# Honda 5hp Leaking Gas



## turfinator (Apr 15, 2005)

I have a Honda horizontal shaft GC160 (http://honda-engines.com/Engines_ow...nuals/gc160.htm) that I just put on my tiller and whenever I lean it back a bit gas leaks from the 2 bolts securing the carb to the engine. The bolts are at the back of the engine (facing me) and each travels through the plastic piece that holds the air cleaner, then through the side of the carb and then entering the engine. There is a fair amount of gas that is leaking. I purchased the motor second hand from a dealer near me that assured me it was in perfect working order with only a couple hours on it. Is there anything that I can do to prevent gas from leaking?


----------



## bugman (Aug 12, 2004)

probablly needs the bolts tightened down, or someone forgot a gasket or used a messed up one. if he sold it in perfect working order, did he put a little warranty or guarantee on it? if he did take it back and have him fix it, if it isn't its probablly just as simple as tightening the bolts down tight. or if you don't feel like messing with it take it to him to do it for you, it should not cost but a small amount


----------



## bbnissan (Nov 7, 2004)

That engine shouldn't leak at all.
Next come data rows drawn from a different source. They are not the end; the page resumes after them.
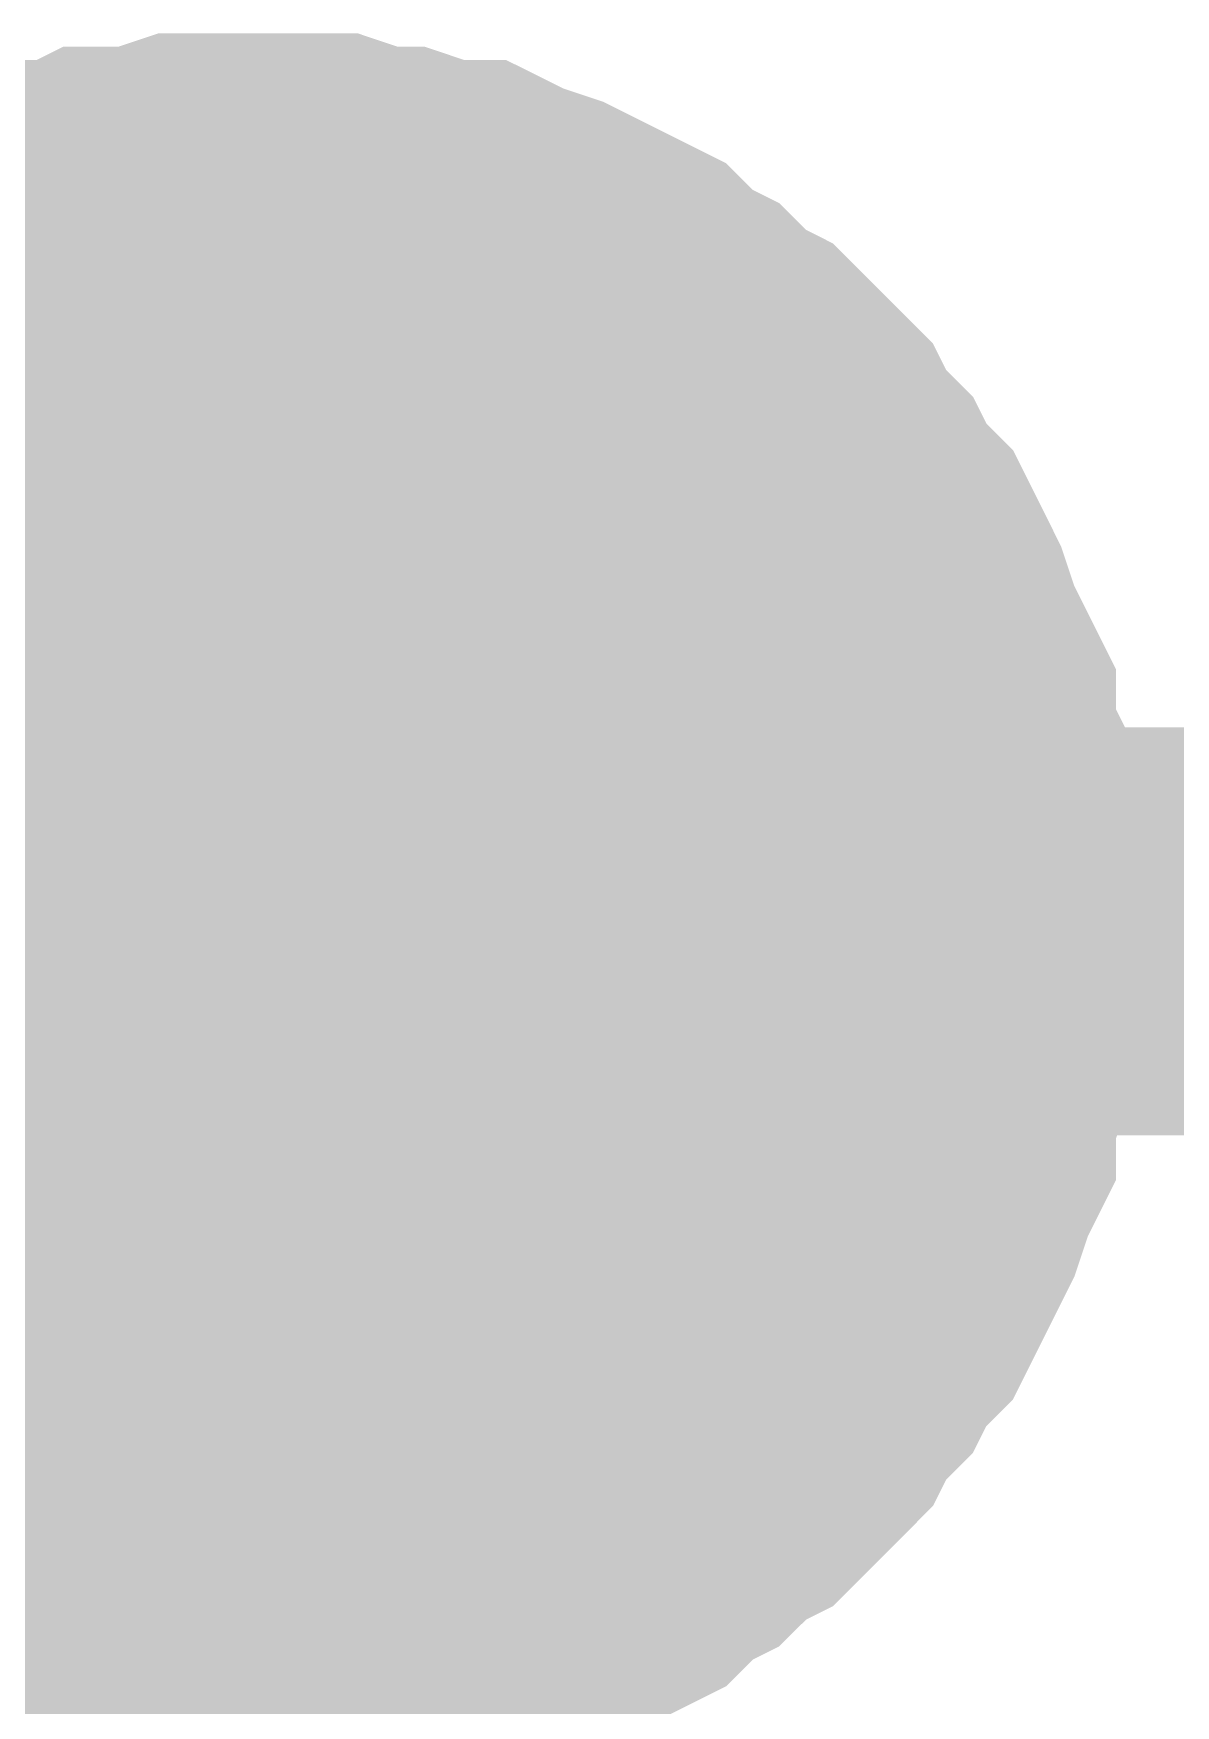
# Model space of a CAD drawing. Header units: inches. Extents: x 0 to 16.9, y 0 to 11.7.
# Drawn here: x 9.59983 to 9.63284, y 8.91978 to 8.96813 of the extents above; entities that cross this region are included whole.
import ezdxf

# ---------------------------------------------------------------- set-up
doc = ezdxf.new("R2010")
doc.units = ezdxf.units.IN
doc.header["$MEASUREMENT"] = 0
doc.layers.add('Sheet', color=255, linetype='Continuous')

msp = doc.modelspace()

# ---------------------------------------------------------------- linework, layer by layer
at = {"layer": 'Sheet'}
for points in [[(9.593591, 8.957596, 0.0118, 0.0118, 0), (9.594363, 8.958368, 0.0118, 0.0118, 0), (9.595134, 8.958753, 0.0118, 0.0118, 0), (9.595906, 8.959525, 0.0118, 0.0118, 0), (9.596677, 8.959911, 0.0118, 0.0118, 0), (9.597449, 8.960297, 0.0118, 0.0118, 0), (9.598606, 8.960683, 0.0118, 0.0118, 0), (9.599378, 8.961069, 0.0118, 0.0118, 0), (9.600149, 8.961454, 0.0118, 0.0118, 0), (9.601306, 8.961454, 0.0118, 0.0118, 0), (9.602078, 8.96184, 0.0118, 0.0118, 0), (9.603235, 8.96184, 0.0118, 0.0118, 0), (9.604392, 8.962226, 0.0118, 0.0118, 0), (9.605164, 8.962226, 0.0118, 0.0118, 0), (9.606321, 8.962226, 0.0118, 0.0118, 0)], [(9.593591, 8.957596, 0.0118, 0.0118, 0), (9.594363, 8.958368, 0.0118, 0.0118, 0), (9.595134, 8.958753, 0.0118, 0.0118, 0), (9.595906, 8.959525, 0.0118, 0.0118, 0), (9.596677, 8.959911, 0.0118, 0.0118, 0), (9.597449, 8.960297, 0.0118, 0.0118, 0), (9.598606, 8.960683, 0.0118, 0.0118, 0), (9.599378, 8.961069, 0.0118, 0.0118, 0), (9.600149, 8.961454, 0.0118, 0.0118, 0), (9.601306, 8.961454, 0.0118, 0.0118, 0), (9.602078, 8.96184, 0.0118, 0.0118, 0), (9.603235, 8.96184, 0.0118, 0.0118, 0), (9.604392, 8.962226, 0.0118, 0.0118, 0), (9.605164, 8.962226, 0.0118, 0.0118, 0), (9.606321, 8.962226, 0.0118, 0.0118, 0)], [(9.593591, 8.957596, 0.0118, 0.0118, 0), (9.594363, 8.958368, 0.0118, 0.0118, 0), (9.595134, 8.958753, 0.0118, 0.0118, 0), (9.595906, 8.959525, 0.0118, 0.0118, 0), (9.596677, 8.959911, 0.0118, 0.0118, 0), (9.597449, 8.960297, 0.0118, 0.0118, 0), (9.598606, 8.960683, 0.0118, 0.0118, 0), (9.599378, 8.961069, 0.0118, 0.0118, 0), (9.600149, 8.961454, 0.0118, 0.0118, 0), (9.601306, 8.961454, 0.0118, 0.0118, 0), (9.602078, 8.96184, 0.0118, 0.0118, 0), (9.603235, 8.96184, 0.0118, 0.0118, 0), (9.604392, 8.962226, 0.0118, 0.0118, 0), (9.605164, 8.962226, 0.0118, 0.0118, 0), (9.606321, 8.962226, 0.0118, 0.0118, 0)], [(9.593591, 8.957596, 0.0118, 0.0118, 0), (9.594363, 8.958368, 0.0118, 0.0118, 0), (9.595134, 8.958753, 0.0118, 0.0118, 0), (9.595906, 8.959525, 0.0118, 0.0118, 0), (9.596677, 8.959911, 0.0118, 0.0118, 0), (9.597449, 8.960297, 0.0118, 0.0118, 0), (9.598606, 8.960683, 0.0118, 0.0118, 0), (9.599378, 8.961069, 0.0118, 0.0118, 0), (9.600149, 8.961454, 0.0118, 0.0118, 0), (9.601306, 8.961454, 0.0118, 0.0118, 0), (9.602078, 8.96184, 0.0118, 0.0118, 0), (9.603235, 8.96184, 0.0118, 0.0118, 0), (9.604392, 8.962226, 0.0118, 0.0118, 0), (9.605164, 8.962226, 0.0118, 0.0118, 0), (9.606321, 8.962226, 0.0118, 0.0118, 0)], [(9.606321, 8.962226, 0.0118, 0.0118, 0), (9.606321, 8.962226, 0.0118, 0.0118, 0)], [(9.606321, 8.962226, 0.0118, 0.0118, 0), (9.607479, 8.962226, 0.0118, 0.0118, 0), (9.60825, 8.962226, 0.0118, 0.0118, 0), (9.609407, 8.96184, 0.0118, 0.0118, 0), (9.610179, 8.96184, 0.0118, 0.0118, 0), (9.611336, 8.961454, 0.0118, 0.0118, 0), (9.612108, 8.961454, 0.0118, 0.0118, 0), (9.612879, 8.961069, 0.0118, 0.0118, 0), (9.614037, 8.960683, 0.0118, 0.0118, 0), (9.614808, 8.960297, 0.0118, 0.0118, 0), (9.61558, 8.959911, 0.0118, 0.0118, 0), (9.616351, 8.959525, 0.0118, 0.0118, 0), (9.617123, 8.958753, 0.0118, 0.0118, 0), (9.617894, 8.958368, 0.0118, 0.0118, 0), (9.618666, 8.957596, 0.0118, 0.0118, 0), (9.619437, 8.95721, 0.0118, 0.0118, 0), (9.620209, 8.956438, 0.0118, 0.0118, 0), (9.62098, 8.955667, 0.0118, 0.0118, 0), (9.621366, 8.954895, 0.0118, 0.0118, 0), (9.622138, 8.954123, 0.0118, 0.0118, 0), (9.622523, 8.953351, 0.0118, 0.0118, 0), (9.623295, 8.95258, 0.0118, 0.0118, 0), (9.623681, 8.951808, 0.0118, 0.0118, 0), (9.624066, 8.951036, 0.0118, 0.0118, 0), (9.624452, 8.949879, 0.0118, 0.0118, 0), (9.624838, 8.949107, 0.0118, 0.0118, 0), (9.625224, 8.948335, 0.0118, 0.0118, 0), (9.625224, 8.947178, 0.0118, 0.0118, 0), (9.62561, 8.946406, 0.0118, 0.0118, 0), (9.62561, 8.945249, 0.0118, 0.0118, 0), (9.625995, 8.944091, 0.0118, 0.0118, 0), (9.625995, 8.943319, 0.0118, 0.0118, 0), (9.625995, 8.942162, 0.0118, 0.0118, 0)], [(9.606321, 8.962226, 0.0118, 0.0118, 0), (9.606321, 8.962226, 0.0118, 0.0118, 0)], [(9.606321, 8.962226, 0.0118, 0.0118, 0), (9.607479, 8.962226, 0.0118, 0.0118, 0), (9.60825, 8.962226, 0.0118, 0.0118, 0), (9.609407, 8.96184, 0.0118, 0.0118, 0), (9.610179, 8.96184, 0.0118, 0.0118, 0), (9.611336, 8.961454, 0.0118, 0.0118, 0), (9.612108, 8.961454, 0.0118, 0.0118, 0), (9.612879, 8.961069, 0.0118, 0.0118, 0), (9.614037, 8.960683, 0.0118, 0.0118, 0), (9.614808, 8.960297, 0.0118, 0.0118, 0), (9.61558, 8.959911, 0.0118, 0.0118, 0), (9.616351, 8.959525, 0.0118, 0.0118, 0), (9.617123, 8.958753, 0.0118, 0.0118, 0), (9.617894, 8.958368, 0.0118, 0.0118, 0), (9.618666, 8.957596, 0.0118, 0.0118, 0), (9.619437, 8.95721, 0.0118, 0.0118, 0), (9.620209, 8.956438, 0.0118, 0.0118, 0), (9.62098, 8.955667, 0.0118, 0.0118, 0), (9.621366, 8.954895, 0.0118, 0.0118, 0), (9.622138, 8.954123, 0.0118, 0.0118, 0), (9.622523, 8.953351, 0.0118, 0.0118, 0), (9.623295, 8.95258, 0.0118, 0.0118, 0), (9.623681, 8.951808, 0.0118, 0.0118, 0), (9.624066, 8.951036, 0.0118, 0.0118, 0), (9.624452, 8.949879, 0.0118, 0.0118, 0), (9.624838, 8.949107, 0.0118, 0.0118, 0), (9.625224, 8.948335, 0.0118, 0.0118, 0), (9.625224, 8.947178, 0.0118, 0.0118, 0), (9.62561, 8.946406, 0.0118, 0.0118, 0), (9.62561, 8.945249, 0.0118, 0.0118, 0), (9.625995, 8.944091, 0.0118, 0.0118, 0), (9.625995, 8.943319, 0.0118, 0.0118, 0), (9.625995, 8.942162, 0.0118, 0.0118, 0)], [(9.606321, 8.962226, 0.0118, 0.0118, 0), (9.606321, 8.962226, 0.0118, 0.0118, 0)], [(9.606321, 8.962226, 0.0118, 0.0118, 0), (9.607479, 8.962226, 0.0118, 0.0118, 0), (9.60825, 8.962226, 0.0118, 0.0118, 0), (9.609407, 8.96184, 0.0118, 0.0118, 0), (9.610179, 8.96184, 0.0118, 0.0118, 0), (9.611336, 8.961454, 0.0118, 0.0118, 0), (9.612108, 8.961454, 0.0118, 0.0118, 0), (9.612879, 8.961069, 0.0118, 0.0118, 0), (9.614037, 8.960683, 0.0118, 0.0118, 0), (9.614808, 8.960297, 0.0118, 0.0118, 0), (9.61558, 8.959911, 0.0118, 0.0118, 0), (9.616351, 8.959525, 0.0118, 0.0118, 0), (9.617123, 8.958753, 0.0118, 0.0118, 0), (9.617894, 8.958368, 0.0118, 0.0118, 0), (9.618666, 8.957596, 0.0118, 0.0118, 0), (9.619437, 8.95721, 0.0118, 0.0118, 0), (9.620209, 8.956438, 0.0118, 0.0118, 0), (9.62098, 8.955667, 0.0118, 0.0118, 0), (9.621366, 8.954895, 0.0118, 0.0118, 0), (9.622138, 8.954123, 0.0118, 0.0118, 0), (9.622523, 8.953351, 0.0118, 0.0118, 0), (9.623295, 8.95258, 0.0118, 0.0118, 0), (9.623681, 8.951808, 0.0118, 0.0118, 0), (9.624066, 8.951036, 0.0118, 0.0118, 0), (9.624452, 8.949879, 0.0118, 0.0118, 0), (9.624838, 8.949107, 0.0118, 0.0118, 0), (9.625224, 8.948335, 0.0118, 0.0118, 0), (9.625224, 8.947178, 0.0118, 0.0118, 0), (9.62561, 8.946406, 0.0118, 0.0118, 0), (9.62561, 8.945249, 0.0118, 0.0118, 0), (9.625995, 8.944091, 0.0118, 0.0118, 0), (9.625995, 8.943319, 0.0118, 0.0118, 0), (9.625995, 8.942162, 0.0118, 0.0118, 0)], [(9.606321, 8.962226, 0.0118, 0.0118, 0), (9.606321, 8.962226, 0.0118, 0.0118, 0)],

Me and my friend put that same motor on a power tamper that beats the hell out of the motor...

Power Tamper 

and it doesn't leak. You need to take the motor back to whoever sold it to you and tell them to fix it.


----------



## bugman (Aug 12, 2004)

yes pretty much true, i'd take it back, the man sold it to you in perfect working order, and its not in perfect working order, (its a fire hazard)


----------



## roperdude91 (Nov 10, 2004)

tighten the bolts, if that dont work u need a gasket


----------



## turfinator (Apr 15, 2005)

I took it back and the service guy couldnt figure it out. They ended up giving me a sweet deal on a Briggs I/C 6.5hp instead. They felt the problem was more application and directly related to the size of the bowel (very small) on the Honda and just couldnt be tilted without leaking.


----------



## bugman (Aug 12, 2004)

your talking the fuel bowl, so you got a way better i/c briggs out of the deal. gooood. it should give you way more years then that honda could have given.


----------